General Description
Osteoporosis is a skeletal disorder characterized by compromised
bone strength and an increased risk of fractures, especially of
the hip, spine, and wrist. It is estimated that 10 million people
in the U.S. have osteoporosis and an additional 18 million have
low bone mass, placing them at increased risk for the disease.1
Although it is the underlying cause of most fractures in older people,
in most cases osteoporosis remains undetected until a fracture occurs.

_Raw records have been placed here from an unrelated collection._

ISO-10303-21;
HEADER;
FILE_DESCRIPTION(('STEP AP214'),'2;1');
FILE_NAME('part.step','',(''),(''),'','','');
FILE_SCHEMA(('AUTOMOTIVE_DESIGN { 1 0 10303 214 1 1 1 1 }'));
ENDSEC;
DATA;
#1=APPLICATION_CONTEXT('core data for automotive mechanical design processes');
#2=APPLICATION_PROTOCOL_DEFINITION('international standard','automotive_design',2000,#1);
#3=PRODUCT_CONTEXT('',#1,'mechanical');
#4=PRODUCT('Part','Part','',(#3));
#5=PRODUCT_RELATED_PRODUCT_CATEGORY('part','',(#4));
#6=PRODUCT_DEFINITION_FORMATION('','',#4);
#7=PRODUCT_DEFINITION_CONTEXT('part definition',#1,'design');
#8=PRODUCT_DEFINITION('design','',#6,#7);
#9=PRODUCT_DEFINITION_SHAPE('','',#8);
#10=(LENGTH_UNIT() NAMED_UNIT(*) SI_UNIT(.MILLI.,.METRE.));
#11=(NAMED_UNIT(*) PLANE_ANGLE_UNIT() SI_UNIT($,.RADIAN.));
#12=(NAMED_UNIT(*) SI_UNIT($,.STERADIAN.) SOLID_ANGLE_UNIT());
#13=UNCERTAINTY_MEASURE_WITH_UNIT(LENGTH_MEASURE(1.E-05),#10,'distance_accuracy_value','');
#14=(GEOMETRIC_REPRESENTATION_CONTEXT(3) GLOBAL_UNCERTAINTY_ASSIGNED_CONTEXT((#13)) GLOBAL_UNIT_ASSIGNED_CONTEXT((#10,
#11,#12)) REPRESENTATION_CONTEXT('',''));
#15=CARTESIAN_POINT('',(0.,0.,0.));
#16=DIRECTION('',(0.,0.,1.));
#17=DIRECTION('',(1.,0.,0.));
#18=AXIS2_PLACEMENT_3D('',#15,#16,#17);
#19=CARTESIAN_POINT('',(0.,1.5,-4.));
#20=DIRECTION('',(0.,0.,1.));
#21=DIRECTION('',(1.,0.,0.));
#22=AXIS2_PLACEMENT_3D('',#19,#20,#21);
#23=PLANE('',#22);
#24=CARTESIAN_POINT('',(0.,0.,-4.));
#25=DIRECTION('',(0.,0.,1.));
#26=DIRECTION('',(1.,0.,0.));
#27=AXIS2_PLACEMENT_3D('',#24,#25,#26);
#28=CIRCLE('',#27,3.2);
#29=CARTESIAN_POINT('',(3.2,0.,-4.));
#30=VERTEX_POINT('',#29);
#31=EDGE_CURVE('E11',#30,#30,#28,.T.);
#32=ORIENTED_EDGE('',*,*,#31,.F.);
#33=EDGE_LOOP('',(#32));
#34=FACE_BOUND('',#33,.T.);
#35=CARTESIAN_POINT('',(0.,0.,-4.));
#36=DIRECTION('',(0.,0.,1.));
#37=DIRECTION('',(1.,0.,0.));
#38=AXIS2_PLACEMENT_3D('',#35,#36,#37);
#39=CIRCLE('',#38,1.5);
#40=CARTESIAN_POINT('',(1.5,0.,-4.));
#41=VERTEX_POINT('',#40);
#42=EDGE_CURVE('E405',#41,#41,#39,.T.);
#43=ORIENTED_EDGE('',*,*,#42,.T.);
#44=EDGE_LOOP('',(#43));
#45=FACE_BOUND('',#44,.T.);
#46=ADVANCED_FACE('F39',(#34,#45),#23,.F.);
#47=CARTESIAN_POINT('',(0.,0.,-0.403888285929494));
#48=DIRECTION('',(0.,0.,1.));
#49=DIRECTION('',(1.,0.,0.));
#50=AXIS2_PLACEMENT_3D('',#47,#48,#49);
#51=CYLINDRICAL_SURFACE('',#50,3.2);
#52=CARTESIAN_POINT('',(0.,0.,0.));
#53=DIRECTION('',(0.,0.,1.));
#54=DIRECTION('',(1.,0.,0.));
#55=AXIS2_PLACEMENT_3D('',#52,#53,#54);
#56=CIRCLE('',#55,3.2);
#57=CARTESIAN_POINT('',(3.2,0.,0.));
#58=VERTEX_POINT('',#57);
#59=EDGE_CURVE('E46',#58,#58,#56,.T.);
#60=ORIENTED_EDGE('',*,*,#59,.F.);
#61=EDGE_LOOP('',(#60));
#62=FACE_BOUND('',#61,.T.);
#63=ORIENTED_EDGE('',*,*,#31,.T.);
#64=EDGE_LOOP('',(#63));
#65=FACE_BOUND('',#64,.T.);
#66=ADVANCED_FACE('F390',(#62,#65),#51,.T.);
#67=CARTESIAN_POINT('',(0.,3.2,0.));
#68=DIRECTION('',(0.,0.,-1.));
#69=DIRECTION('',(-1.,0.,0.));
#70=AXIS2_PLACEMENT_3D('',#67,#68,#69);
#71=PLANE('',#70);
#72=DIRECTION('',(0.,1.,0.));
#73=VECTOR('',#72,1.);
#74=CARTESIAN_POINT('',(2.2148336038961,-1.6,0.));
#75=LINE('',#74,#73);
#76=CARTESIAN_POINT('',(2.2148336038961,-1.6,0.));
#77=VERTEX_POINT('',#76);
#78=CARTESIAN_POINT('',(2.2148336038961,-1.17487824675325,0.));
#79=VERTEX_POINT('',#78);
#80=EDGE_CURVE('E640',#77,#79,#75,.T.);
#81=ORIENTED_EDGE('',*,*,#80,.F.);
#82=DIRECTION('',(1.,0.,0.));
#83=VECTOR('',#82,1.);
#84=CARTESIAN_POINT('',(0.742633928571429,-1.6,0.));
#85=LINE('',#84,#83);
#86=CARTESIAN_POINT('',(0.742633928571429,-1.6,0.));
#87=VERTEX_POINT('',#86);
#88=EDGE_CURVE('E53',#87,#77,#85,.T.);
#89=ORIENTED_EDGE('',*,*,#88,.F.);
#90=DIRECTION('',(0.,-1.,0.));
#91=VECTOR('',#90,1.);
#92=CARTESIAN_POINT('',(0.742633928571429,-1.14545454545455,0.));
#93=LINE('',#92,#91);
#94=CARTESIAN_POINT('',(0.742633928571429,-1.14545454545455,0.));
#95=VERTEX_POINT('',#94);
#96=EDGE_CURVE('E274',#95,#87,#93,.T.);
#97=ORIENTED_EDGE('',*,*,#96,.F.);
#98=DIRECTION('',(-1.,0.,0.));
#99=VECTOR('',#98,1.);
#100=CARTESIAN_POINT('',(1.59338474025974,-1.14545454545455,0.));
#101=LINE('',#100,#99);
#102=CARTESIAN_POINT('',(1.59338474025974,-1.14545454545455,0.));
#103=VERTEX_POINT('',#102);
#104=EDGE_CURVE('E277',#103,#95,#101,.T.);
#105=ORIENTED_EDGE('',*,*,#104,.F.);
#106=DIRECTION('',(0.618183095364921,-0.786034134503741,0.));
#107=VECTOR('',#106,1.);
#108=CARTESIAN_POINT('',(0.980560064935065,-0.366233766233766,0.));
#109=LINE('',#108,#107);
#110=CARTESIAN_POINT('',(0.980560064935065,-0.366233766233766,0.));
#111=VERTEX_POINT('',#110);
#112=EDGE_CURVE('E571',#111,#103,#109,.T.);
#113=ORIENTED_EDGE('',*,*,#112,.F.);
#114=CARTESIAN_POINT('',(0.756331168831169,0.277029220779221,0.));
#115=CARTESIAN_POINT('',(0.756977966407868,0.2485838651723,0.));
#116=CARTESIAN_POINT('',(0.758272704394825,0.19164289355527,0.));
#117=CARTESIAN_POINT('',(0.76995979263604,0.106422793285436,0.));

In the U.S., osteoporosis is responsible for more than 1.5 million
fractures annually, including approximately 300,000 hip fractures,
700,000 vertebral fractures, 250,000 wrist fractures, and more than
300,000 fractures at other sites.1 While the
disease is most commonly seen in post-menopausal white and Asian
women, osteoporosis occurs in all ethnic and gender groups. Once
considered to be a natural part of aging, osteoporosis is now recognized
as a largely preventable disease.
Contributing factors
Bone strength is a reflection of two main features: bone density
and bone quality. Bone density is expressed as grams of mineral
per volume and is determined by peak bone mass and amount of bone
loss. Bone quality refers to architecture, turnover, damage accumulation
(e.g., microfractures) and mineralization. Currently there is
no accurate measure of overall bone strength. Bone mineral density
(BMD), which accounts for approximately 70 percent of bone strength,
is frequently used as a proxy measure. Osteoporosis is diagnosed
when BMD measurements are markedly below the average for healthy
young adults. This often results from accelerated bone loss associated
with aging, but may also occur without accelerated bone loss in
individuals who do not achieve optimal bone mass during childhood
and adolescence. Thus, sub-optimal bone growth in childhood is
as important as bone loss to the development of osteoporosis.2
Optimization of bone health is a process that must occur throughout
one's lifetime. Factors that influence bone health at all ages
are essential to the prevention of osteoporosis.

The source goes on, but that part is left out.